[Exercise brief] How do the lines below between the ones holding "(segment (start 126.365" and "(segment (start 63.517", inclusive, read? Give them again exactly, with no other lines.

--- Material for the task ---

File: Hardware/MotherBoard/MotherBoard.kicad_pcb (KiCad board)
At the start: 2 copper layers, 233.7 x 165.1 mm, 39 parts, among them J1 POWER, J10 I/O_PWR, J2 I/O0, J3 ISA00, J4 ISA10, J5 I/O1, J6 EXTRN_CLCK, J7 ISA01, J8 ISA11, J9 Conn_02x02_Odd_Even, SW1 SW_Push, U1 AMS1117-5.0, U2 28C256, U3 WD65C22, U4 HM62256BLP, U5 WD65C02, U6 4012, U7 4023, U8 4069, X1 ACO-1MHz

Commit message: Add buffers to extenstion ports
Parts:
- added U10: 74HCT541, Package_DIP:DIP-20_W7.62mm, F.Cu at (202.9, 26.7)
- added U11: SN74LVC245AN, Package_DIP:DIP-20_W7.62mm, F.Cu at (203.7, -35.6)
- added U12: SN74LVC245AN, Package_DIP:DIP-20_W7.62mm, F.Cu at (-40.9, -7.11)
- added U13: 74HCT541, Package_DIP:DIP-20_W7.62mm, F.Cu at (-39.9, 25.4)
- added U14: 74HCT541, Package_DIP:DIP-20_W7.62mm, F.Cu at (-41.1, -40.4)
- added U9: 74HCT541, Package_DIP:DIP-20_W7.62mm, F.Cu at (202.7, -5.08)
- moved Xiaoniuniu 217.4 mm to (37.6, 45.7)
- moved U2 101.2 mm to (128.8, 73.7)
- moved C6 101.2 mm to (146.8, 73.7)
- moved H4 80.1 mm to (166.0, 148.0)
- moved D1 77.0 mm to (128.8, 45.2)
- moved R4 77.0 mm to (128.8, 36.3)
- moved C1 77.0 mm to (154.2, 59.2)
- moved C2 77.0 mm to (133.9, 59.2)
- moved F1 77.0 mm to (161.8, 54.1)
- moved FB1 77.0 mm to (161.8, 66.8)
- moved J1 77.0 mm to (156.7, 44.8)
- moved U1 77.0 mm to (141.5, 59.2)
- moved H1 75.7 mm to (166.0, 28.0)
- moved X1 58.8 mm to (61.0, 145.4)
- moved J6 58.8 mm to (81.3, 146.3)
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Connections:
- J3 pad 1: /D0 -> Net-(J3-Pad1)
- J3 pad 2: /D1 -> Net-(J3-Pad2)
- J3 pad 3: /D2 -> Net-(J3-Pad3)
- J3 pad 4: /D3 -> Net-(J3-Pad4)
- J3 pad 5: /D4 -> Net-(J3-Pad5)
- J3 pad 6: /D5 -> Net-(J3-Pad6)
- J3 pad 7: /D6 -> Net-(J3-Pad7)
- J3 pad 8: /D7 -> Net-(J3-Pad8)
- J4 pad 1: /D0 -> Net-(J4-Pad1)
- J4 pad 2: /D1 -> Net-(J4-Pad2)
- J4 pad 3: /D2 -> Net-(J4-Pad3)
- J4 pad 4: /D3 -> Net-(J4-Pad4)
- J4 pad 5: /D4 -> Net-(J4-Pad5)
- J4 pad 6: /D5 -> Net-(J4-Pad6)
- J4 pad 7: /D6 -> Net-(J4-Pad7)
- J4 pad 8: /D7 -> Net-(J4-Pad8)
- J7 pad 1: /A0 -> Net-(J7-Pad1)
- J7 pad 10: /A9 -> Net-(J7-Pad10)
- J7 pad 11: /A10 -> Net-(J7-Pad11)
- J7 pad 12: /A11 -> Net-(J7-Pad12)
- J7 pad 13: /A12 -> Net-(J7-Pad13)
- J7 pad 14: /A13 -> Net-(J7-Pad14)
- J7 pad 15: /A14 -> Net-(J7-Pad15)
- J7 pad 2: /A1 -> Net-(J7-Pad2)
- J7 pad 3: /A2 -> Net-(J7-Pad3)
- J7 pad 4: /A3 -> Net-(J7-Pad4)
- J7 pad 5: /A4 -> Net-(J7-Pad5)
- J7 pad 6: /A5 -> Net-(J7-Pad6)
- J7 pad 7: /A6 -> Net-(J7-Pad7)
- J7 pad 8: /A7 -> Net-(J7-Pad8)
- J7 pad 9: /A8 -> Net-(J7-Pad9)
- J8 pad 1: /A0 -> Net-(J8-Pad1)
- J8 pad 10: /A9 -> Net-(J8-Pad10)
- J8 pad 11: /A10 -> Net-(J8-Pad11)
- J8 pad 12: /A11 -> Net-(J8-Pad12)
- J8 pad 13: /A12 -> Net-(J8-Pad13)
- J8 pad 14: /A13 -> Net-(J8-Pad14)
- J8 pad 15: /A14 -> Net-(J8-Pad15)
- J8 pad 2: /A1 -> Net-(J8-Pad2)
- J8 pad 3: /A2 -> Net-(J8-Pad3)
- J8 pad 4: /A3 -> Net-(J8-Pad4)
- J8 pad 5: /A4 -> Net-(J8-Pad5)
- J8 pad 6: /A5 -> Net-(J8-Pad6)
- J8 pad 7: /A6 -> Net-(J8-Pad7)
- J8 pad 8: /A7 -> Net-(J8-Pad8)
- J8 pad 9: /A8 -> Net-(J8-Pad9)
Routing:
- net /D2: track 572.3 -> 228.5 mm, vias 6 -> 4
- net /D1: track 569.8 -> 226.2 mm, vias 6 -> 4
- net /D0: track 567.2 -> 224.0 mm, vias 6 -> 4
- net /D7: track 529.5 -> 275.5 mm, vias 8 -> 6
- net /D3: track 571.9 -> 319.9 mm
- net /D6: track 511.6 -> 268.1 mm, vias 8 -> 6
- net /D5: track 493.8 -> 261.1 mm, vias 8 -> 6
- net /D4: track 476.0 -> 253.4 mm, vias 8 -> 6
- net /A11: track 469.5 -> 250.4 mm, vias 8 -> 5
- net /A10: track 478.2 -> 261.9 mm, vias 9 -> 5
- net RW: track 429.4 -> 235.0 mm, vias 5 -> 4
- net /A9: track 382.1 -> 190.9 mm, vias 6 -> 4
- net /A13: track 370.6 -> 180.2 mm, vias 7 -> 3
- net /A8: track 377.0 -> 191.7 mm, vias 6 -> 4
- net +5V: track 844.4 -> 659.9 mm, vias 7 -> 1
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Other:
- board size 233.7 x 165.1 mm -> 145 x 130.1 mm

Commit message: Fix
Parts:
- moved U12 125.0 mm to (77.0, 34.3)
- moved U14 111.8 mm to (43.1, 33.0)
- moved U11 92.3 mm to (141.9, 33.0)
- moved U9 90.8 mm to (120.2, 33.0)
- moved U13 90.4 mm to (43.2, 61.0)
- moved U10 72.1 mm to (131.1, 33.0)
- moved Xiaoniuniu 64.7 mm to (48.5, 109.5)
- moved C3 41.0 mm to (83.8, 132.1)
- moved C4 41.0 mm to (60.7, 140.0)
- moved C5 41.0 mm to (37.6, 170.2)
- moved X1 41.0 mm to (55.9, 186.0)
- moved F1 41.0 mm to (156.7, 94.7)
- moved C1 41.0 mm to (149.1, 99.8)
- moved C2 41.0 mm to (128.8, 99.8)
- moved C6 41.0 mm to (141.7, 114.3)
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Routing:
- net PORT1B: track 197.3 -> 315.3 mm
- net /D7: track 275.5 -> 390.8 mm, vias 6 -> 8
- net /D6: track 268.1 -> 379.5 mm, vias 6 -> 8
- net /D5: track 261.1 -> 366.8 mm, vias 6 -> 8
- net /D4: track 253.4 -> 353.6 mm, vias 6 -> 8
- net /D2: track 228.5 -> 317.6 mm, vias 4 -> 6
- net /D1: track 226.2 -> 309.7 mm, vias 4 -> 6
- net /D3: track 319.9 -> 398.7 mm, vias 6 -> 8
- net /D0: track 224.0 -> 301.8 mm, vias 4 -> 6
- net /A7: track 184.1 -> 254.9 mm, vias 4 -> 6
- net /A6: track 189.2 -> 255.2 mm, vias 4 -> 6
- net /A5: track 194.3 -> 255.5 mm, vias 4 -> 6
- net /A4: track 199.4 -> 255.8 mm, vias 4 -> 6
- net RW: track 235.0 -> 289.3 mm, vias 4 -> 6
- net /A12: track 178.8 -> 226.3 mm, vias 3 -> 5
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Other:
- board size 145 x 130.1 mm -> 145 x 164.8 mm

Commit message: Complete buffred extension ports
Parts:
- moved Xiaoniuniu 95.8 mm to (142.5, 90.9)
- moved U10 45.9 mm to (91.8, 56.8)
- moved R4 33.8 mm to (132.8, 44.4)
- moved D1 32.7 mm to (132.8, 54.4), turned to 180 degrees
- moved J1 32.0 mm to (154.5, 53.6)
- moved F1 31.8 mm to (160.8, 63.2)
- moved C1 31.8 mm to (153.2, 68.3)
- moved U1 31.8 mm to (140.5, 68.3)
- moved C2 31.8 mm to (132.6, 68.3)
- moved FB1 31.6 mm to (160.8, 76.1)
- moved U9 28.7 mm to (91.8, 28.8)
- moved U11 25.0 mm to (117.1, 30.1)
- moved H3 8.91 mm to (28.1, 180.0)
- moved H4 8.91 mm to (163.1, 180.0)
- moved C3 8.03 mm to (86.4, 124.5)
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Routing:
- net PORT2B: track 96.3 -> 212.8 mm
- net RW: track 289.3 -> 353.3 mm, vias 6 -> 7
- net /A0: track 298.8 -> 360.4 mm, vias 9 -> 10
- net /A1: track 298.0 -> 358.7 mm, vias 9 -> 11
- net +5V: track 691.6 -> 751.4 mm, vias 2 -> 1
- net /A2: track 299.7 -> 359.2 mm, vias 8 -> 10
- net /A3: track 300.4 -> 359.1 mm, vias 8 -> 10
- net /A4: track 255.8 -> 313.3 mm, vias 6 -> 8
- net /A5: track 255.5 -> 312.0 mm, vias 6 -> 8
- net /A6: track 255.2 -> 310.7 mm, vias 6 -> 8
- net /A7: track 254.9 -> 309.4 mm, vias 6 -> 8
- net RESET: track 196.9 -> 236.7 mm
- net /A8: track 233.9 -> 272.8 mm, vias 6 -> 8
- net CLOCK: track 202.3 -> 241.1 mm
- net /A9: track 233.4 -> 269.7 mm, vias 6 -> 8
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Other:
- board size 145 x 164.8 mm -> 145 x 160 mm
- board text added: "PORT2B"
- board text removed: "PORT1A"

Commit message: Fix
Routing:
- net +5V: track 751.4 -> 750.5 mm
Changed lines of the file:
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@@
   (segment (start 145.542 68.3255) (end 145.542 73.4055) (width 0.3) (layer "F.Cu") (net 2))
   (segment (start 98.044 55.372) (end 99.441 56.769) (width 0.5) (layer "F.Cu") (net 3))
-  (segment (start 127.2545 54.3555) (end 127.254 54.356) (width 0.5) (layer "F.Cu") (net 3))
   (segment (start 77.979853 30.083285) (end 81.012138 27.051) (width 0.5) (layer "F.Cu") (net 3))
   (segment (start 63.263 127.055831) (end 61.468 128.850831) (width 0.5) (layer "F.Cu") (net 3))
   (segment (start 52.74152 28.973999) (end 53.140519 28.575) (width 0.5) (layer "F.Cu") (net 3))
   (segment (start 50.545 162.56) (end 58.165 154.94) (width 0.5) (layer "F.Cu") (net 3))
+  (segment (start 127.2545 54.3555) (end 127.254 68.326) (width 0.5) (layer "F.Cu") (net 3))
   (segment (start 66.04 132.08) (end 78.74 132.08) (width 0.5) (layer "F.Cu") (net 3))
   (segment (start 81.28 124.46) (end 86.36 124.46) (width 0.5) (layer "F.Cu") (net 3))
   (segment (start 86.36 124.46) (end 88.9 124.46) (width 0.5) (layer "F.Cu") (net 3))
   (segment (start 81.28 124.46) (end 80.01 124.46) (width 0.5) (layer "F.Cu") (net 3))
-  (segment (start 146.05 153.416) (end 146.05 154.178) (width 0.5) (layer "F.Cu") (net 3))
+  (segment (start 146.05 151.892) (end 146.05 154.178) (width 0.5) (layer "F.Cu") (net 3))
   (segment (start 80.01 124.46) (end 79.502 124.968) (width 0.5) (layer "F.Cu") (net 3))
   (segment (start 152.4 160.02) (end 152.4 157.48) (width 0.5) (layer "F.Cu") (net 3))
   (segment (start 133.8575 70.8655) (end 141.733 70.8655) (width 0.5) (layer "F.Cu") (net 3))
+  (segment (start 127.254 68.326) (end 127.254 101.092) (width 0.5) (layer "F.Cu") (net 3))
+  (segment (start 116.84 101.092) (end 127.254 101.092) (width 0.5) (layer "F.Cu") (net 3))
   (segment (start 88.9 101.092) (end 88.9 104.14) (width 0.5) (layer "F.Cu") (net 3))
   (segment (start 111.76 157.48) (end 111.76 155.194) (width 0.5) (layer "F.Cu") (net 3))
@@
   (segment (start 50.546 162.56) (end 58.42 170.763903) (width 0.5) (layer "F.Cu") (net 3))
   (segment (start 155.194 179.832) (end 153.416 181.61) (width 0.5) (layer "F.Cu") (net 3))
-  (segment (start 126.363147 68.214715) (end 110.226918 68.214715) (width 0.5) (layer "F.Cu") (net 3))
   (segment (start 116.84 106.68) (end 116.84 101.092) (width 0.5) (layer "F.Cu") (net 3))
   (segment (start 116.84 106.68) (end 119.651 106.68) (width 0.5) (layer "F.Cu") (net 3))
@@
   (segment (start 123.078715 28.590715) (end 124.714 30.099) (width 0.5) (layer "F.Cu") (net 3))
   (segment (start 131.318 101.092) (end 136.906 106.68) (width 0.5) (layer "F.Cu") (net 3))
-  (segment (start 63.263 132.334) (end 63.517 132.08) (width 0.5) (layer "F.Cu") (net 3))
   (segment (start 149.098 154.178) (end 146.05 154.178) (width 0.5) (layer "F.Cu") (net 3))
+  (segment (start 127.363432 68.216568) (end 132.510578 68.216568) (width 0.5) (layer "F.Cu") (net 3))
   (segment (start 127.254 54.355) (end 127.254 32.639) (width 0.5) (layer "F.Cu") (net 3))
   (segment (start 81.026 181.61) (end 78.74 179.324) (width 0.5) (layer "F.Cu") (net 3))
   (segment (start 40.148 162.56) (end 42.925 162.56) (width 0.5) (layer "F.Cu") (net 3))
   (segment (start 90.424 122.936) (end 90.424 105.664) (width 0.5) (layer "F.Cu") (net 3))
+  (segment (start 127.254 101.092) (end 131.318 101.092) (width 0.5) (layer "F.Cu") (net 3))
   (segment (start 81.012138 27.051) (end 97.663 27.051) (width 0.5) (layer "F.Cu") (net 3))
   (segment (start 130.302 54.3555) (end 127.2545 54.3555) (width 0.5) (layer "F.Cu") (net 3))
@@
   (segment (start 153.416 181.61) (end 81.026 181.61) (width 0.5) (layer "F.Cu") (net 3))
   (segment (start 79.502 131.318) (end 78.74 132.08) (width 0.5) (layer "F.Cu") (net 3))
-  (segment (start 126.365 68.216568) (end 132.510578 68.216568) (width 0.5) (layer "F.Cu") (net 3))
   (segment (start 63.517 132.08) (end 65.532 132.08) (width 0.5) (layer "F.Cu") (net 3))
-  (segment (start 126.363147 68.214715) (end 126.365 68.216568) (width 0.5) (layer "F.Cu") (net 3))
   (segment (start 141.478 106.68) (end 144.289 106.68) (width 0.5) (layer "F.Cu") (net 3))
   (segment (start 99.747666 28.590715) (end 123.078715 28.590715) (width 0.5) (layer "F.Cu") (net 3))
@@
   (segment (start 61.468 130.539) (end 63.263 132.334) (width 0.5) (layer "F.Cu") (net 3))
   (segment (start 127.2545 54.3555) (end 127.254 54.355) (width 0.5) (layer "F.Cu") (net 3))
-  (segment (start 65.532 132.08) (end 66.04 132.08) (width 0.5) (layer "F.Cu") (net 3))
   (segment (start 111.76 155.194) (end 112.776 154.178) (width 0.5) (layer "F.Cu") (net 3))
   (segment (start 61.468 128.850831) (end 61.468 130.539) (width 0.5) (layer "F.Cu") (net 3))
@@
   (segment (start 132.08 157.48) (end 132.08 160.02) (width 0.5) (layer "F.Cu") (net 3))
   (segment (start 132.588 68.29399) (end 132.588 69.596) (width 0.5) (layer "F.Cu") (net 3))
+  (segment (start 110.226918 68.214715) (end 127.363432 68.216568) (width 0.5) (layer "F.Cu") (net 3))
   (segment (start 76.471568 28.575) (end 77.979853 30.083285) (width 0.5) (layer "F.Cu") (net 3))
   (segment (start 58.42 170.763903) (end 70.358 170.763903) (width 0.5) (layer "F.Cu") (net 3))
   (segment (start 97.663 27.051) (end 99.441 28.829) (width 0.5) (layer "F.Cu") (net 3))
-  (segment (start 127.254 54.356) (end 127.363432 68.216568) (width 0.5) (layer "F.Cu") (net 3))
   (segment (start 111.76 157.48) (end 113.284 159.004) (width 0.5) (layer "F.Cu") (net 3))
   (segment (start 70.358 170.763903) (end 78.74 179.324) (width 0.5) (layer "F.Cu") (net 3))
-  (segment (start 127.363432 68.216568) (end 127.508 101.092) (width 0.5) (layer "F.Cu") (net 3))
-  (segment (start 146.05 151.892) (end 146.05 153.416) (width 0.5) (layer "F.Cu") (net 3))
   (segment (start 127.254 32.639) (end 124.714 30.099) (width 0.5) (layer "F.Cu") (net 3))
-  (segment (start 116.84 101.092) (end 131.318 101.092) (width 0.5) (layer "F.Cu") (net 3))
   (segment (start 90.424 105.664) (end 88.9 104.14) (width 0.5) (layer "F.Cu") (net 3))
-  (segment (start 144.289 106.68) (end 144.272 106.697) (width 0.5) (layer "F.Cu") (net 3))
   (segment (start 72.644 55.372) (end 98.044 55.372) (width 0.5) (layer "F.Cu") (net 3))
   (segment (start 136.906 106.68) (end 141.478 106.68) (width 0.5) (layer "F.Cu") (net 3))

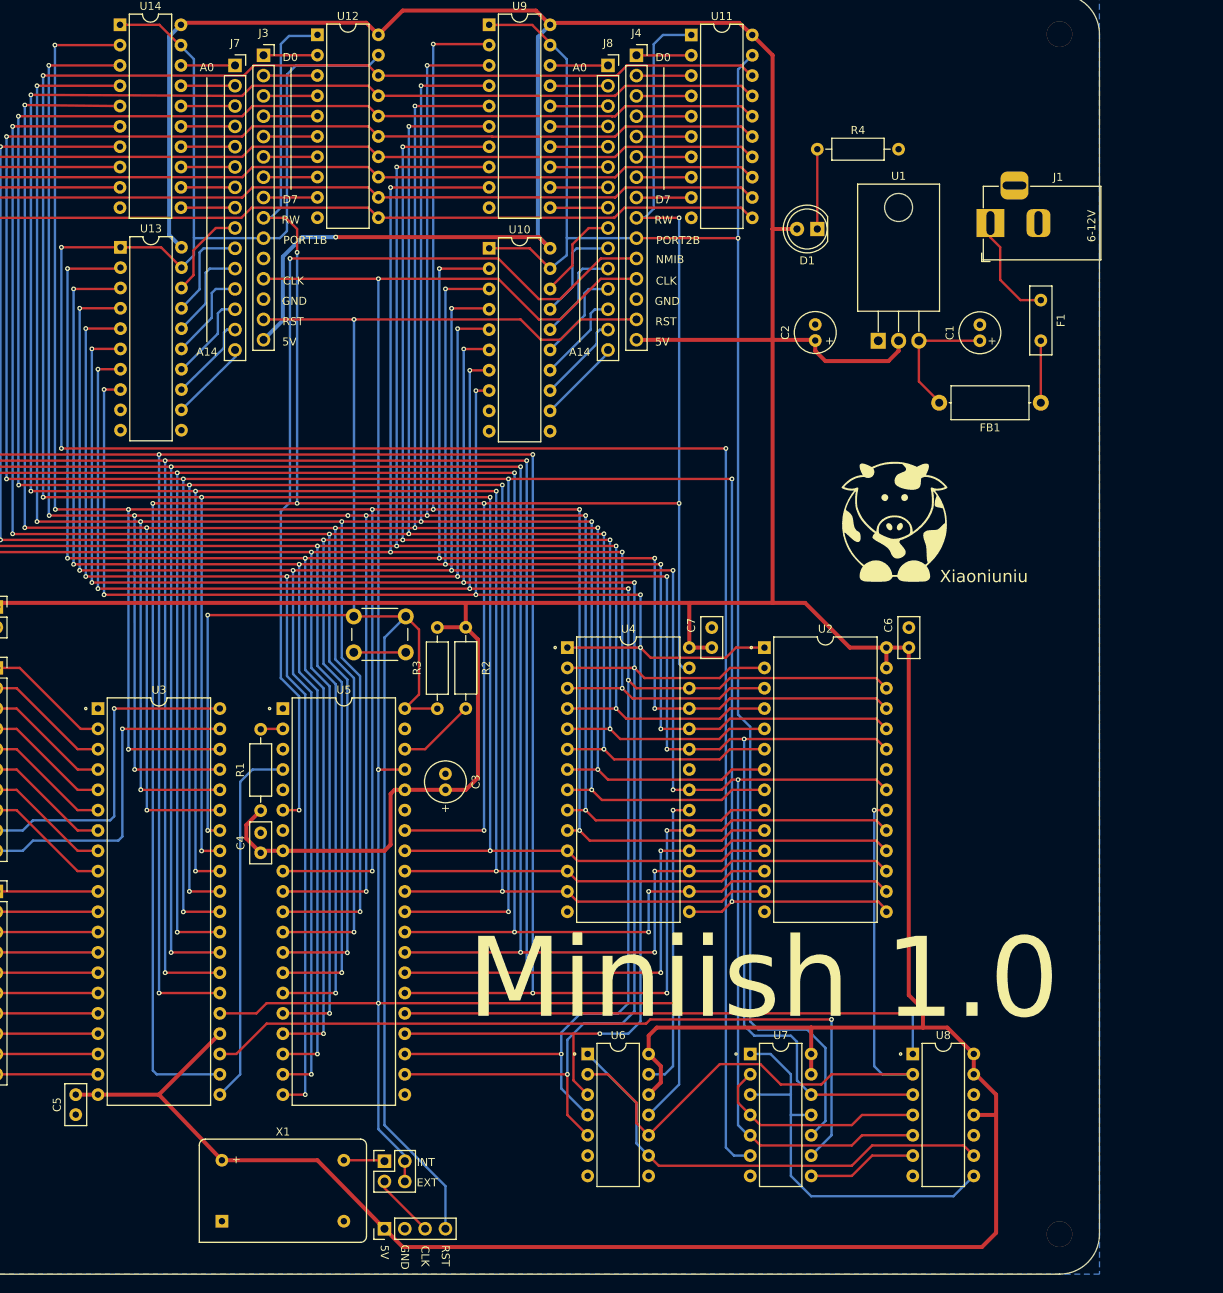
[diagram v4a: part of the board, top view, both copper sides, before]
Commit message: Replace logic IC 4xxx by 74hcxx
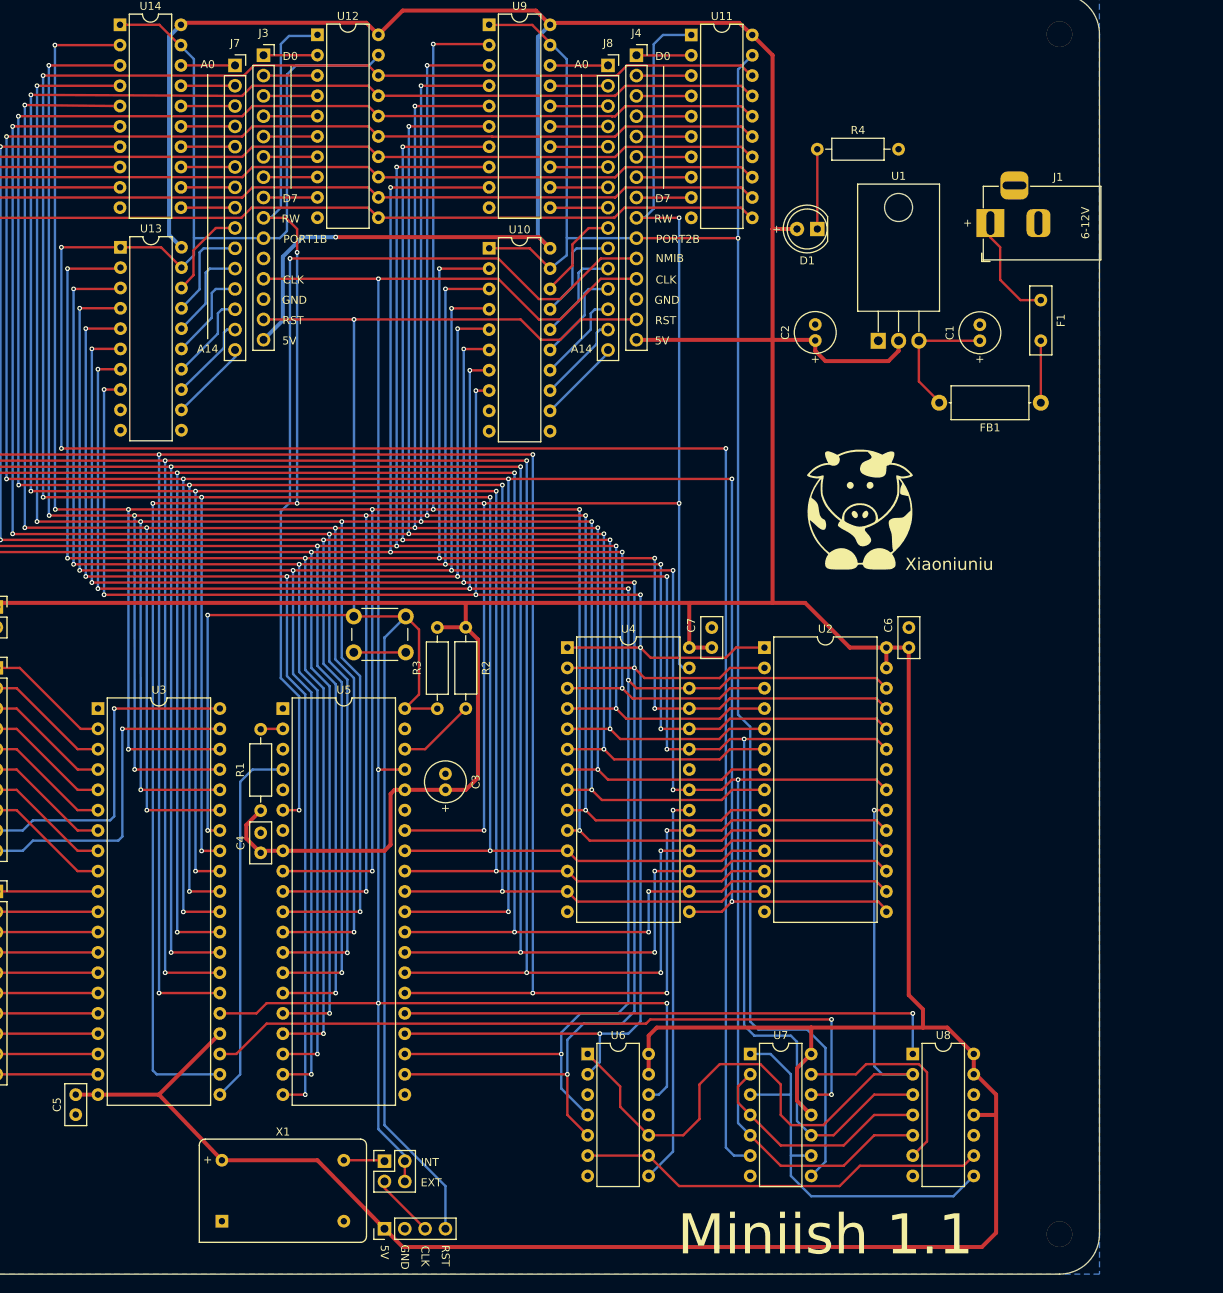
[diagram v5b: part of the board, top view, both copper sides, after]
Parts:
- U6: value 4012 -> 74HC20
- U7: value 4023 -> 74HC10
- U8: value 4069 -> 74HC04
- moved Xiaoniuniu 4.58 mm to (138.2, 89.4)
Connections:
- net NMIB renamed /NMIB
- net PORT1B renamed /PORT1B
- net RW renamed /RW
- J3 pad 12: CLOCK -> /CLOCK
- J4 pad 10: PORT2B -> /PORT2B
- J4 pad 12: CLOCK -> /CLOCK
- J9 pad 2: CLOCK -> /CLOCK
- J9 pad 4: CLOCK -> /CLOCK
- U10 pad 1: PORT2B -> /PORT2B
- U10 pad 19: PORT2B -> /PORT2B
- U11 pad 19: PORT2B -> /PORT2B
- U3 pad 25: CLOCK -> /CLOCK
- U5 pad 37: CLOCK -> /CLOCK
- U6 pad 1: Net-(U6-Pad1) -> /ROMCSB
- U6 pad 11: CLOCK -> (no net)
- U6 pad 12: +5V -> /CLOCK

---

[Response to the task]
-  (segment (start 126.365 68.216568) (end 132.510578 68.216568) (width 0.5) (layer "F.Cu") (net 3))
   (segment (start 63.517 132.08) (end 65.532 132.08) (width 0.5) (layer "F.Cu") (net 3))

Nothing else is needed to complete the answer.